AMD - San Jose, CA
posted 4 months ago
At AMD, we are committed to transforming lives through our technology, and as a Sr. Machine Learning Performance Engineer, you will play a crucial role in this mission. This position focuses on ML performance modeling, projection, and optimization for various machine learning workloads, while also participating in hardware and software co-design. You will analyze the interaction between ML workloads and hardware architecture, particularly modeling workloads such as generative AI models across multiple hardware configurations. Your insights and recommendations will be vital in shaping the future of AI acceleration and ensuring that our products meet the evolving needs of our customers.
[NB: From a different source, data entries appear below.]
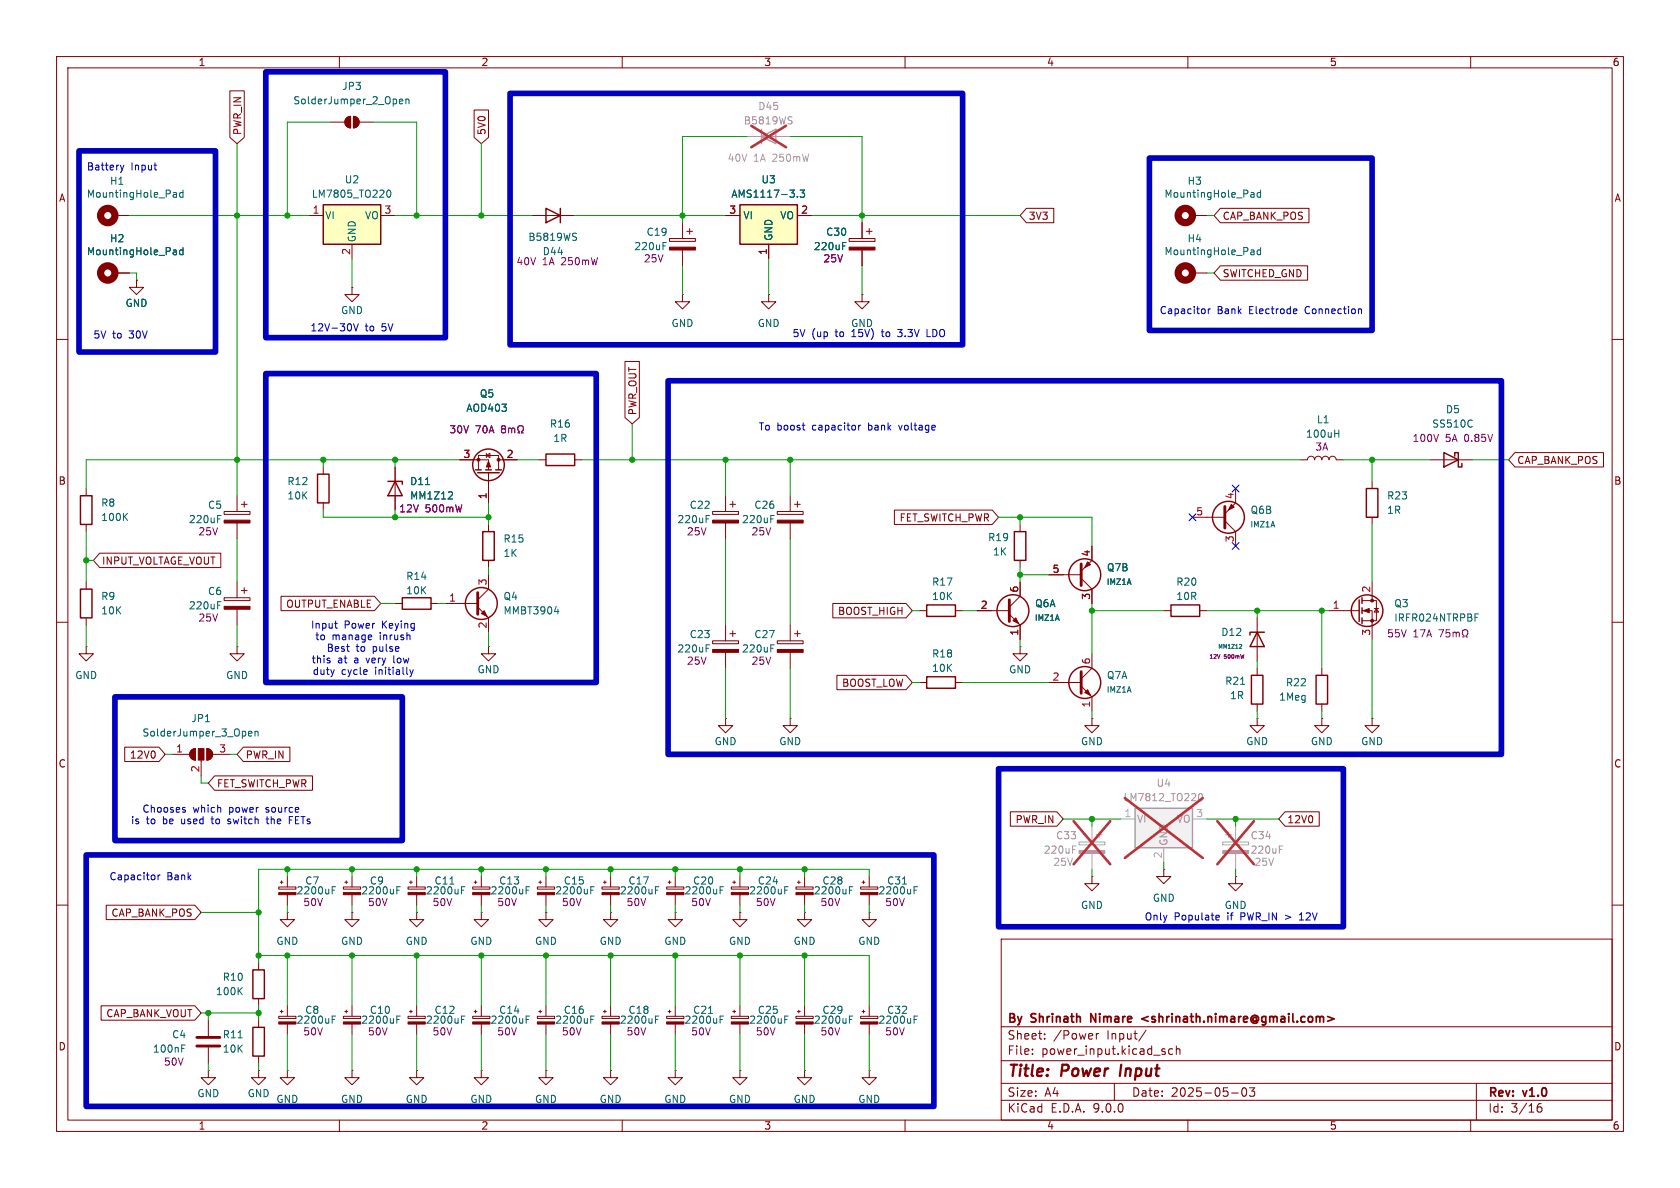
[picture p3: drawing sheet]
<svg xmlns="http://www.w3.org/2000/svg" width="297mm" height="210mm" viewBox="0 0 297 210" stroke-linecap="round" stroke-linejoin="round" font-family="sans-serif">
<g fill="none" stroke="#840000" stroke-width=".18">
<path d="M10 10h277v190h-277zM12 12h273v186h-273zM60 10v2M110 10v2M160 10v2M210 10v2M260 10v2M120.6 39.4v2.8M152.4 39.4v2.8M118.4 42.2h4.5v.5h-4.5zM120.6 52.1v1.2h1.3l-1.3 1.3-1.2-1.3h1.2M120.6 52.1h.1"/>
<path d="M120.6 44.2v2.8M121.4 40.9h1M121.9 40.4v1M135.9 52.1v1.2h1.3l-1.3 1.3-1.3-1.3h1.3M135.9 52.1h.1M150.1 42.2h4.6v.5h-4.6zM152.4 52.1v1.2h1.3l-1.3 1.3-1.3-1.3h1.3M152.4 52.1h.1M152.4 44.2v2.8M153.2 40.9h1M153.7 40.4v1M10 60h2"/>
<path d="M285 60h2M10 110h2M41.9 114.3v1.3h1.3l-1.3 1.2-1.3-1.2h1.3M41.9 114.3h.1M285 110h2M10 160h2M177 166h108v32h-108zM285 160h2M60 198v2M110 198v2M160 198v2M177 194.5h108"/>
<path d="M177 191.5h108M177 187.5h108M177 181.5h108M182.5 186.3v.1M182.5 185.5v.1M184.7 183.6v.1M184.7 182.8v.1M193.8 182.7v1M194.2 182.7l-.2 .1-.2 .2M197 191.5v3M202.6 182.1l-1.3 2M205.8 185.9l.2 .2-.2 .3"/>
<path d="M205.8 185.4l.2 .1M207.3 185.5l-.4-.1-.3 .3v.4l.1 .2h.6M208 185.5l.2-.1 .3 .1 .1 .9M208 184.9v1.5M210 198v2M217.7 193.2h1.2M219.7 192.4l.2-.1a.81 .81 0 0 1 .6 .6 .81 .81 0 0 1-.3 .8l-.2 .1a.81 .81 0 0 1-.3-1.4zM220.9 192.3h.9l-.5 .6 .4 .1v.7l-.2 .1h-.4l-.2-.1M260 198v2M261 191.5v6.5M271.7 196l.3-.3h.5l.1 .3v.3l-.3 .3-.4-.1-.2-.2M272.5 195.1a.59 .59 0 0 0-.8 .6"/>
</g>
<path d="M198.2 188.2l-.2 2" fill="none" stroke="#840000" stroke-width=".4"/>
<path d="M203 179.7l-1.2 .4 1.2 .4M234.7 179.7l1.1 .4-1.1 .4M192.8 180.7v-1.5l.9 1.5" fill="none" stroke="#840000" stroke-width=".3"/>
<g fill="#840000" stroke="#840000" stroke-width=".18">
<path d="M150.1 43.7h4.6v.5h-4.6z"/>
<path d="M118.4 43.7h4.5v.5h-4.5z"/>
</g>
<path d="M117.2 43.5h.4M117.2 42.9h.6M149 43.5h.4M149 42.9h.6" fill="none" stroke="#006464" stroke-width=".18"/>
<path d="M130.8 36.2h10.2v7h-10.2z" fill="#ffffc2"/>
<g fill="none" stroke="#840000" stroke-width=".25">
<path d="M130.8 36.2h10.2v7h-10.2zM14.2 87.6h2.1v5.1h-2.1zM56.1 83.8h2.1v5.1h-2.1zM68.6 85.1h2.5v.5M69.8 85.1l1.3 2.5h-2.5zM84.1 83.1h1M84.5 83.6h3.8M85.3 94h2.1v5.1h-2.1zM85.9 83.1h1M87.6 83.1h1M96.5 80.3h5.1v2h-5.1zM179.3 94h2.1v5.1h-2.1z"/>
<path d="M14.2 104.1h2.1v5.1h-2.1zM71.1 105.7h5.1v2h-5.1zM163.8 106.9h5.1v2.1h-5.1zM221.2 119.4h2.1v5.1h-2.1zM222.2 111.8l1.3 2.5h-2.5zM223.5 111.8h-2.5v.5M232.7 119.4h2v5.1h-2zM44.7 171.5h2v5h-2zM44.7 181.6h2v5.1h-2z"/>
<circle cx="86.4" cy="82.2" r="2.79"/>
<circle cx="85.1" cy="106.7" r="2.82"/>
<circle cx="191.8" cy="101.6" r="2.82"/>
<circle cx="191.8" cy="120.6" r="2.82"/>
</g>
<g fill="none" stroke="#840000" stroke-width=".18">
<path d="M128.3 38.1h2.5M141 38.1h2.5M135.9 43.2v2.5M15.2 86.4v1.2M15.2 92.7v1.3M39.6 90.4h4.6v.5h-4.6zM41.9 87.6v2.8M41.9 92.5v2.8M42.7 89.2h1M43.2 88.6v1.1M57.1 82.6v1.2M57.1 88.9v1.3"/>
<path d="M69.8 82.6v7.6M81.3 81.3h5.1v1.8M84.6 83.1v-2.6h3.5v2.6M86 80.5l.6-.4v.8zM86 80.1v.8M86.4 83.6v5.3M86.4 92.7v1.3M86.4 99.1v1.2M88.1 81.3h3.3M95.2 81.3h1.3M101.6 81.3h1.3M126 90.4h4.6v.5h-4.6z"/>
<path d="M128.3 87.6v2.8M128.3 92.5v2.8M129 89.2h1M129.5 88.6v1.1M137.4 90.4h4.6v.5h-4.6zM139.7 87.6v2.8M139.7 92.5v2.8M140.5 89.2h1M141 88.6v1.1M180.3 92.7v1.3M180.3 99.1v1.2M193 96.5v2.6l-1.9 1.9"/>
<path d="M15.2 114.3v1.3h1.3l-1.3 1.2-1.2-1.2h1.2M15.2 114.3h.1M15.2 102.9v1.2M15.2 109.2v1.3M39.6 105.7h4.6v.5h-4.6zM41.9 102.9v2.8M41.9 107.7v2.8M42.7 104.4h1M43.2 103.9v1M69.8 106.7h1.3M76.2 106.7h1.3M78.7 106.7h5.8"/>
<path d="M84.5 107.3l1.9 1.9v2.6M86.4 114.3v1.3h1.2l-1.2 1.2-1.3-1.2h1.3M86.4 114.3h.1M86.4 101.6v2.5l-1.9 1.9M126 113.3h4.6v.5h-4.6zM128.3 110.5v2.8M128.3 115.3v2.8M129 112h1M129.5 111.5v1M137.4 113.3h4.6v.5h-4.6zM139.7 110.5v2.8M139.7 115.3v2.8"/>
<path d="M140.5 112h1M141 111.5v1M162.6 108h1.2M168.9 108h1.3M185.4 101.6h5.7M191.1 102.2l1.9 1.9v2.6M193 115.6v2.5l-1.9 1.9M222.2 109.2v7.6M222.2 118.1v1.3M233.7 118.1v1.3M30.5 133.4h3M33.8 132.6l.7-.3v2.1a1.02 1.02 0 0 1-.9-.7 1.02 1.02 0 0 1 .2-1.1z"/>
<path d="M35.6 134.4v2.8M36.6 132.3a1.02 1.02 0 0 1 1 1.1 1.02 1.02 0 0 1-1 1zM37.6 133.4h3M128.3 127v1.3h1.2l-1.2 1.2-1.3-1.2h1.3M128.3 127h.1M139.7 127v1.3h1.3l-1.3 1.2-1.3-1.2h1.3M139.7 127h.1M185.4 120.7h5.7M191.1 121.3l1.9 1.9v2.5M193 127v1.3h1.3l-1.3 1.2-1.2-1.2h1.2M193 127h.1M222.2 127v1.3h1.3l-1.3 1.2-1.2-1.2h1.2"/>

In this role, you will be responsible for analyzing and exploring recent machine learning models, understanding their compute and memory requirements, and providing projections on various compute hardware for both inference and training. You will also be tasked with identifying innovative ways to enhance performance. Your work will involve performance modeling and analysis of ML training and inference workloads across single and multiple accelerators, exploring various trade-offs and design decisions. You will actively participate in hardware-software co-design efforts aimed at optimizing future hardware for various ML workloads. Effective communication is key in this role, as you will need to present the results of your performance analysis and modeling to stakeholders, providing concrete recommendations based on your findings. Additionally, you will contribute to the development and improvement of our framework, tools, and infrastructure for performance estimation, modeling, and reporting. Collaboration across teams will be essential to ensure that we are aligned in our goals and strategies.